A blanket ban on all state regulation of AI development is considerably overinclusive. AI is indisputably an interstate phenomenon with geopolitical and security implications. But those are reasons why Congress can or should regulate AI—not reasons why states cannot.
The framework would prevent states from penalizing AI developers for a “third party’s unlawful conduct involving their models.” This provision would bar states from holding AI developers responsible when someone, for example, uses the developer’s model to commit fraud or generate illegal content. The practical consequences are significant. Many harms traceable to AI deployment originate in choices made during development. State tort and consumer protection laws have long held manufacturers accountable for defects that make foreseeable misuse more likely. But the White House framework would override that principle for AI. A state that cannot regulate AI development would, in many instances, be constrained to addressing symptoms rather than causes of AI-related harms.

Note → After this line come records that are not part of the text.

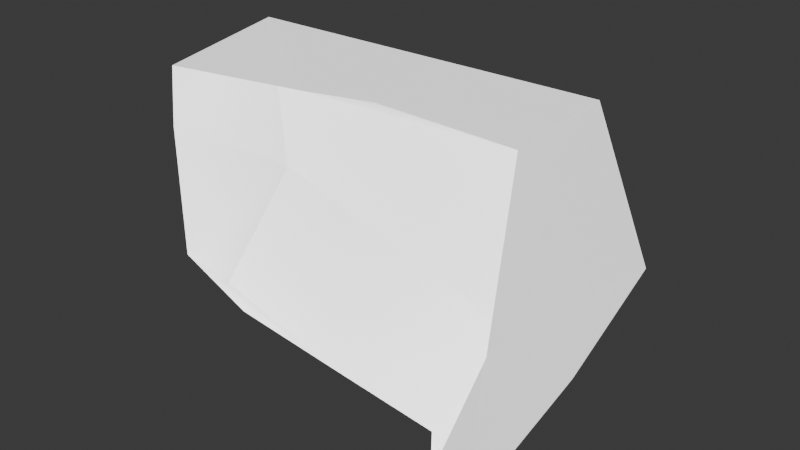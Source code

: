 # Source: terrain_detail_stone.blend  (saved by Blender 4.2.66; exported with 4.5.12 LTS)
import bpy
from mathutils import Matrix  # noqa: F401  (used for matrix-valued properties, if any)

bpy.ops.wm.read_factory_settings(use_empty=True)
scene = bpy.context.scene
scene.name = 'Scene'

# ---- images (referenced by path relative to the original .blend; pixels are not part of the script)
import os
ASSET_DIR = os.environ.get("B2B_ASSET_DIR", "")  # directory of the original .blend (textures are referenced by path, not embedded)
HERE = os.path.dirname(os.path.abspath(__file__))  # packed textures are extracted next to this script under _unpacked/

def load_image(name, relpath, width, height, colorspace="sRGB"):
    """Load a texture the original file referenced (path relative to the .blend, or extracted next to this script)."""
    p = next((c for c in (os.path.join(HERE, relpath), os.path.join(ASSET_DIR, relpath)) if relpath and os.path.exists(c)), "")
    if p:
        img = bpy.data.images.load(p, check_existing=True)
        img.name = name
    else:  # same state as the original file: an image datablock whose file is absent (Cycles renders it pink)
        img = bpy.data.images.new(name, width, height)
        img.source = "FILE"
        img.filepath = "//" + (relpath or name)
    img.colorspace_settings.name = colorspace
    return img
img_normalmap_texture = load_image('NormalMap_Texture', 'Rock_C_Normal.tif', 1024, 1024, 'Non-Color')

# ---- materials (node trees are filled in below, after node groups)
mat_rock_c = bpy.data.materials.new('Rock_C')
mat_rock_c.diffuse_color = (1.0, 1.0, 1.0, 1.0)
mat_rock_c.roughness = 0.5528

# ---- material node trees
mat_rock_c.use_nodes = True; mat_rock_c.node_tree.nodes.clear()
_N = mat_rock_c.node_tree.nodes; _L = mat_rock_c.node_tree.links
n0 = _N.new('ShaderNodeBsdfPrincipled'); n0.name = 'Principled BSDF'; n0.location = (10, 300)
n0.inputs[0].default_value = (1.0, 1.0, 1.0, 1.0)
n0.inputs[2].default_value = 0.5528
n0.inputs[28].default_value = 1.0
n1 = _N.new('ShaderNodeOutputMaterial'); n1.name = 'Material Output'; n1.location = (300, 300)
n2 = _N.new('ShaderNodeNormalMap'); n2.name = 'Normal Map'; n2.location = (-300, -300)
n2.label = 'Normal/Map'
n2.inputs[0].default_value = 0.0
n3 = _N.new('ShaderNodeTexImage'); n3.name = 'Image Texture'; n3.location = (-600, -900)
n3.image = img_normalmap_texture
_L.new(n0.outputs[0], n1.inputs[0])
_L.new(n2.outputs[0], n0.inputs[5])
_L.new(n3.outputs[0], n2.inputs[1])
n1.is_active_output = True

# ---- world
world_world = bpy.data.worlds.new('World'); scene.world = world_world
world_world.use_nodes = True; world_world.node_tree.nodes.clear()
_N = world_world.node_tree.nodes; _L = world_world.node_tree.links
n0 = _N.new('ShaderNodeOutputWorld'); n0.name = 'World Output'; n0.location = (300, 300)
n1 = _N.new('ShaderNodeBackground'); n1.name = 'Background'; n1.location = (10, 300)
n1.inputs[0].default_value = (0.05088, 0.05088, 0.05088, 1.0)
_L.new(n1.outputs[0], n0.inputs[0])
n0.is_active_output = True
world_world.color = (0.05088, 0.05088, 0.05088)
world_world.sun_shadow_jitter_overblur = 0.0

# ---- meshes
me_scene = bpy.data.meshes.new('Scene')
me_scene.from_pydata([(-0.05034, -0.02579, 0.07541), (-0.05222, -0.02525, 0.07579), (-0.05467, -0.008105, 0.07901), (-0.04891, -0.01907, 0.07919), (-0.04713, -0.01558, 0.08031), (-0.04479, 0.0161, 0.07858), (-0.05582, 0.01041, 0.07575), (-0.02809, -0.01269, 0.07867), (-0.01369, -0.01234, 0.07738), (0.0271, 0.01345, 0.07134), (-0.007758, -0.01344, 0.07609), (0.00798, -0.01148, 0.07329), (0.03942, 0.002675, 0.06583), (0.04078, 0.003867, 0.06482), (0.0415, 0.007942, 0.06411), (0.04214, 0.02812, 0.06595), (-0.05921, 0.01533, 0.07172), (0.01173, 0.04034, 0.07061), (0.03792, 0.04254, 0.06559), (0.04742, 0.05674, 0.02061), (-0.05447, 0.03162, 0.01582), (-0.06646, 0.01186, 0.03921), (0.01533, 0.04843, -0.02035), (0.04491, 0.04893, -0.01421), (0.03538, 0.0392, -0.02961), (0.04252, 0.01878, -0.03198), (0.04932, -0.008024, -0.02904), (0.05035, -0.01336, -0.02787), (0.05031, -0.02412, -0.02356), (0.04985, -0.0291, -0.02108), (-0.0561, 0.02045, 0.01202), (-0.06205, 0.004085, 0.01303), (-0.06217, -0.01251, 0.006532), (0.05651, 0.04984, 0.01306), (0.04723, 0.02665, 0.05888), (-0.06028, -0.01981, 0.01262), (-0.0579, -0.0207, 0.009615), (-0.06439, -0.01669, 0.05008), (-0.06436, -0.01687, 0.05626), (-0.05792, -0.01819, 0.07077), (-0.05312, -0.02464, 0.0749), (0.04357, 0.004467, 0.06302), (0.04301, 0.001796, 0.06277), (0.04654, -0.003773, 0.05664), (0.05216, -0.01124, 0.04738), (0.05849, -0.01325, 0.0159), (0.05162, -0.0237, 0.02776), (0.05282, -0.02547, 0.02324), (0.05487, -0.02053, -0.004229), (0.05348, -0.02869, 0.01642), (0.05058, -0.02815, -0.004679), (0.04711, -0.03034, 0.0004421), (0.03778, -0.004358, -0.02844), (0.04725, -0.02726, -0.02224), (0.03503, -0.01604, -0.02124), (0.03458, -0.01296, -0.0229), (0.02885, -0.007518, -0.0233), (-0.003475, 0.003409, -0.02157), (1.315e-07, 0.008437, -0.02455), (-0.01612, -0.001559, -0.01741), (-0.0405, 0.003446, -0.0176), (-0.02809, -0.009749, -0.01242), (-0.03631, -0.01645, -0.006563), (-0.04351, -0.02033, -0.001111), (-0.06213, -0.007367, 0.001021), (-0.02401, -0.01983, 0.07053), (-0.05316, -0.02523, 0.07253), (0.03968, -0.02723, -0.01771), (-0.05757, -0.0223, 0.01162), (0.02463, -0.0065, -0.0212)], [], [(0, 2, 1), (3, 2, 0), (2, 3, 4), (5, 2, 4), (6, 2, 5), (3, 7, 4), (7, 5, 4), (8, 5, 7), (8, 9, 5), (9, 8, 10), (9, 10, 11), (9, 11, 12), (12, 13, 9), (13, 14, 9), (9, 14, 15), (16, 6, 5), (17, 9, 15), (5, 9, 17), (17, 15, 18), (19, 17, 18), (20, 5, 17), (20, 16, 5), (20, 17, 19), (21, 16, 20), (22, 20, 19), (22, 19, 23), (24, 22, 23), (25, 24, 23), (26, 25, 23), (27, 26, 23), (23, 28, 27), (23, 29, 28), (20, 30, 21), (31, 21, 30), (30, 20, 22), (32, 21, 31), (23, 19, 33), (29, 23, 33), (33, 19, 34), (19, 18, 34), (34, 18, 15), (14, 34, 15), (32, 35, 21), (36, 35, 32), (35, 37, 21), (38, 21, 37), (16, 21, 38), (16, 38, 6), (38, 2, 6), (39, 2, 38), (40, 2, 39), (40, 1, 2), (34, 14, 41), (41, 14, 13), (41, 13, 42), (42, 43, 41), (34, 41, 43), (34, 43, 44), (45, 34, 44), (46, 45, 44), (34, 45, 33), (46, 47, 45), (45, 48, 33), (47, 48, 45), (33, 48, 29), (49, 48, 47), (29, 48, 50), (50, 48, 49), (50, 49, 51), (25, 22, 24), (52, 22, 25), (26, 52, 25), (27, 52, 26), (27, 28, 52), (28, 53, 52), (28, 29, 53), (52, 53, 54), (52, 54, 55), (56, 52, 55), (57, 52, 56), (57, 58, 52), (58, 22, 52), (59, 58, 57), (58, 59, 60), (60, 22, 58), (61, 60, 59), (62, 60, 61), (63, 60, 62), (22, 60, 64), (60, 63, 64), (22, 64, 30), (36, 64, 63), (30, 64, 31), (64, 36, 32), (64, 32, 31), (12, 42, 13), (65, 10, 8), (65, 8, 7), (65, 7, 3), (0, 65, 3), (0, 66, 65), (1, 66, 0), (40, 66, 1), (39, 66, 40), (38, 66, 39), (38, 37, 66), (50, 51, 67), (35, 68, 37), (36, 68, 35), (63, 68, 36), (50, 67, 29), (53, 29, 67), (54, 53, 67), (67, 69, 54), (55, 54, 69), (69, 57, 56), (55, 69, 56)])
me_scene.polygons.foreach_set('use_smooth', [True] * 117)
_uv = me_scene.uv_layers.new(name='UVSet0')
_uv.uv.foreach_set('vector', [0.2499, 0.07632, 0.2257, 0.09601, 0.2467, 0.07558, 0.245, 0.08823, 0.2257, 0.09601, 0.2499, 0.07632, 0.2257, 0.09601, 0.245, 0.08823, 0.2436, 0.09472, 0.2129, 0.1359, 0.2257, 0.09601, 0.2436, 0.09472, 0.203, 0.1179, 0.2257, 0.09601, 0.2129, 0.1359, 0.245, 0.08823, 0.2655, 0.1202, 0.2436, 0.09472, 0.2655, 0.1202, 0.2129, 0.1359, 0.2436, 0.09472, 0.283, 0.1387, 0.2129, 0.1359, 0.2655, 0.1202, 0.283, 0.1387, 0.2961, 0.2219, 0.2129, 0.1359, 0.2961, 0.2219, 0.283, 0.1387, 0.2915, 0.1454, 0.2961, 0.2219, 0.2915, 0.1454, 0.3074, 0.1689, 0.2961, 0.2219, 0.3074, 0.1689, 0.3236, 0.2286, 0.3236, 0.2286, 0.3237, 0.2321, 0.2961, 0.2219, 0.3237, 0.2321, 0.3194, 0.2375, 0.2961, 0.2219, 0.2961, 0.2219, 0.3194, 0.2375, 0.292, 0.2592, 0.1887, 0.1234, 0.203, 0.1179, 0.2129, 0.1359, 0.2473, 0.2309, 0.2961, 0.2219, 0.292, 0.2592, 0.2129, 0.1359, 0.2961, 0.2219, 0.2473, 0.2309, 0.2473, 0.2309, 0.292, 0.2592, 0.2673, 0.2685, 0.1985, 0.3131, 0.2473, 0.2309, 0.2673, 0.2685, 0.1145, 0.1796, 0.2129, 0.1359, 0.2473, 0.2309, 0.1145, 0.1796, 0.1887, 0.1234, 0.2129, 0.1359, 0.1145, 0.1796, 0.2473, 0.2309, 0.1985, 0.3131, 0.1357, 0.1308, 0.1887, 0.1234, 0.1145, 0.1796, 0.1233, 0.3058, 0.1145, 0.1796, 0.1985, 0.3131, 0.1233, 0.3058, 0.1985, 0.3131, 0.1556, 0.3382, 0.1257, 0.3493, 0.1233, 0.3058, 0.1556, 0.3382, 0.1359, 0.3899, 0.1257, 0.3493, 0.1556, 0.3382, 0.1592, 0.4322, 0.1359, 0.3899, 0.1556, 0.3382, 0.1645, 0.4401, 0.1592, 0.4322, 0.1556, 0.3382, 0.1556, 0.3382, 0.177, 0.455, 0.1645, 0.4401, 0.1556, 0.3382, 0.1857, 0.4607, 0.177, 0.455, 0.1145, 0.1796, 0.09914, 0.1665, 0.1357, 0.1308, 0.09075, 0.1354, 0.1357, 0.1308, 0.09914, 0.1665, 0.09354, 0.177, 0.1145, 0.1796, 0.1233, 0.3058, 0.07153, 0.1124, 0.1357, 0.1308, 0.09075, 0.1354, 0.1556, 0.3382, 0.1985, 0.3131, 0.1959, 0.3309, 0.1857, 0.4607, 0.1556, 0.3382, 0.1959, 0.3309, 0.1959, 0.3309, 0.1985, 0.3131, 0.2719, 0.3199, 0.1985, 0.3131, 0.2656, 0.2826, 0.2719, 0.3199, 0.2719, 0.3199, 0.2656, 0.2826, 0.2822, 0.3087, 0.2985, 0.3426, 0.2719, 0.3199, 0.2822, 0.3087, 0.07153, 0.1124, 0.07651, 0.09708, 0.1357, 0.1308, 0.07008, 0.09632, 0.07651, 0.09708, 0.07153, 0.1124, 0.07651, 0.09708, 0.1401, 0.08124, 0.1357, 0.1308, 0.1506, 0.07833, 0.1357, 0.1308, 0.1401, 0.08124, 0.1887, 0.1234, 0.1357, 0.1308, 0.1506, 0.07833, 0.1887, 0.1234, 0.1506, 0.07833, 0.1972, 0.1162, 0.1506, 0.07833, 0.1967, 0.0837, 0.1972, 0.1162, 0.1782, 0.06969, 0.1967, 0.0837, 0.1506, 0.07833, 0.1862, 0.05698, 0.1967, 0.0837, 0.1782, 0.06969, 0.1862, 0.05698, 0.188, 0.05554, 0.1967, 0.0837, 0.2719, 0.3199, 0.2985, 0.3426, 0.2984, 0.3497, 0.2984, 0.3497, 0.2985, 0.3426, 0.3035, 0.3477, 0.2984, 0.3497, 0.3035, 0.3477, 0.301, 0.3535, 0.301, 0.3535, 0.2955, 0.3682, 0.2984, 0.3497, 0.2719, 0.3199, 0.2984, 0.3497, 0.2955, 0.3682, 0.2719, 0.3199, 0.2955, 0.3682, 0.2848, 0.389, 0.2358, 0.4158, 0.2719, 0.3199, 0.2848, 0.389, 0.2627, 0.4251, 0.2358, 0.4158, 0.2848, 0.389, 0.2719, 0.3199, 0.2358, 0.4158, 0.1959, 0.3309, 0.2627, 0.4251, 0.2557, 0.4304, 0.2358, 0.4158, 0.2358, 0.4158, 0.2076, 0.4393, 0.1959, 0.3309, 0.2557, 0.4304, 0.2076, 0.4393, 0.2358, 0.4158, 0.1959, 0.3309, 0.2076, 0.4393, 0.1857, 0.4607, 0.2461, 0.4397, 0.2076, 0.4393, 0.2557, 0.4304, 0.1857, 0.4607, 0.2076, 0.4393, 0.2109, 0.4533, 0.2109, 0.4533, 0.2076, 0.4393, 0.2461, 0.4397, 0.2109, 0.4533, 0.2461, 0.4397, 0.2208, 0.4572, 0.08899, 0.3646, 0.1233, 0.3058, 0.1203, 0.3442, 0.04847, 0.3653, 0.1233, 0.3058, 0.08899, 0.3646, 0.04688, 0.3852, 0.04847, 0.3653, 0.08899, 0.3646, 0.03835, 0.3888, 0.04847, 0.3653, 0.04688, 0.3852, 0.03835, 0.3888, 0.0195, 0.3923, 0.04847, 0.3653, 0.0195, 0.3923, 0.01299, 0.3884, 0.04847, 0.3653, 0.0195, 0.3923, 0.01029, 0.3933, 0.01299, 0.3884, 0.04847, 0.3653, 0.01299, 0.3884, 0.02524, 0.3637, 0.04847, 0.3653, 0.02524, 0.3637, 0.03085, 0.3622, 0.03738, 0.3507, 0.04847, 0.3653, 0.03085, 0.3622, 0.04365, 0.2889, 0.04847, 0.3653, 0.03738, 0.3507, 0.04365, 0.2889, 0.05378, 0.2954, 0.04847, 0.3653, 0.05378, 0.2954, 0.1233, 0.3058, 0.04847, 0.3653, 0.03401, 0.2623, 0.05378, 0.2954, 0.04365, 0.2889, 0.05378, 0.2954, 0.03401, 0.2623, 0.04941, 0.2227, 0.04941, 0.2227, 0.1233, 0.3058, 0.05378, 0.2954, 0.02174, 0.2359, 0.04941, 0.2227, 0.03401, 0.2623, 0.01293, 0.2146, 0.04941, 0.2227, 0.02174, 0.2359, 0.009668, 0.1969, 0.04941, 0.2227, 0.01293, 0.2146, 0.1233, 0.3058, 0.04941, 0.2227, 0.04169, 0.176, 0.04941, 0.2227, 0.009668, 0.1969, 0.04169, 0.176, 0.1233, 0.3058, 0.04169, 0.176, 0.09354, 0.177, 0.01753, 0.1656, 0.04169, 0.176, 0.009668, 0.1969, 0.09354, 0.177, 0.04169, 0.176, 0.06562, 0.162, 0.04169, 0.176, 0.01753, 0.1656, 0.03401, 0.1674, 0.04169, 0.176, 0.03401, 0.1674, 0.06562, 0.162, 0.8702, 0.8083, 0.8648, 0.8029, 0.8702, 0.805, 0.8589, 0.9177, 0.8709, 0.8913, 0.8744, 0.9004, 0.8589, 0.9177, 0.8744, 0.9004, 0.877, 0.9232, 0.8589, 0.9177, 0.877, 0.9232, 0.8728, 0.9575, 0.8611, 0.9614, 0.8589, 0.9177, 0.8728, 0.9575, 0.8611, 0.9614, 0.8564, 0.9658, 0.8589, 0.9177, 0.8616, 0.9645, 0.8564, 0.9658, 0.8611, 0.9614, 0.8602, 0.9663, 0.8564, 0.9658, 0.8616, 0.9645, 0.8533, 0.9791, 0.8564, 0.9658, 0.8602, 0.9663, 0.8295, 0.9872, 0.8564, 0.9658, 0.8533, 0.9791, 0.8295, 0.9872, 0.8198, 0.9872, 0.8564, 0.9658, 0.7408, 0.7935, 0.7485, 0.8003, 0.7185, 0.8099, 0.7613, 0.9769, 0.7604, 0.971, 0.8198, 0.9872, 0.7567, 0.9724, 0.7604, 0.971, 0.7613, 0.9769, 0.74, 0.9505, 0.7604, 0.971, 0.7567, 0.9724, 0.7408, 0.7935, 0.7185, 0.8099, 0.7141, 0.7934, 0.7113, 0.798, 0.7141, 0.7934, 0.7185, 0.8099, 0.7031, 0.8227, 0.7113, 0.798, 0.7185, 0.8099, 0.7185, 0.8099, 0.6955, 0.8434, 0.7031, 0.8227, 0.698, 0.8248, 0.7031, 0.8227, 0.6955, 0.8434, 0.6955, 0.8434, 0.6893, 0.8896, 0.693, 0.8363, 0.698, 0.8248, 0.6955, 0.8434, 0.693, 0.8363])
_uv.active_render = True
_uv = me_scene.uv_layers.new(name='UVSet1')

Courts will also struggle to distinguish between laws that regulate AI development and those that regulate deployment. Consider a state law requiring bias audits of training data before a model is released to consumers. Does this regulate development or deployment? What about a transparency law requiring developers to report safety testing, but not mandating such testing? The boundary will only grow harder to maintain as the AI stack evolves. Agentic AI systems that autonomously retrieve data, fine-tune their own parameters, and execute multi-step tasks in real time do not neatly separate into development and deployment phases. Courts asked to classify state regulations along this axis would face line-drawing problems that the framework neither acknowledges nor resolves.
Abdication Is Not Regulation
Preemption is only half the equation. The framework asks states to cede regulatory authority, but what does it offer in return? Remarkably little. Child safety is the sole area in which the framework would impose obligations on AI developers, primarily around age assurance and sexualized content targeting minors.
More telling is what and whom the framework leaves out. It contains no provision for algorithmic discrimination in employment, lending, housing, or insurance. No limits on AI-assisted surveillance. No standards for AI in healthcare diagnosis or treatment recommendations. No reporting requirements for AI-related job displacement. No pre-deployment safety evaluation for frontier models. No provisions addressing AI-generated disinformation. By omitting these subjects, the framework aims to leave the industry minimally regulated while preventing states from filling the void.
Federalism offers better paths. Federal and state governments can cooperate and coordinate in AI regulation. The White House framework forecloses that possibility. It asks Congress to shut down the only governments that are regulating AI, in exchange for a federal regime that would not. Politics points in a different direction. Polls repeatedly show widespread, bipartisan support for AI regulation, even if it means slowing development.
The spate of AI-specific legislation over the past two years reflects a broad political judgment that existing law is insufficient. Congress has shown little appetite for overriding those judgments. Nothing in the White House’s AI framework is likely to change that.
– David S. Rubenstein, Published courtesy of Just Security.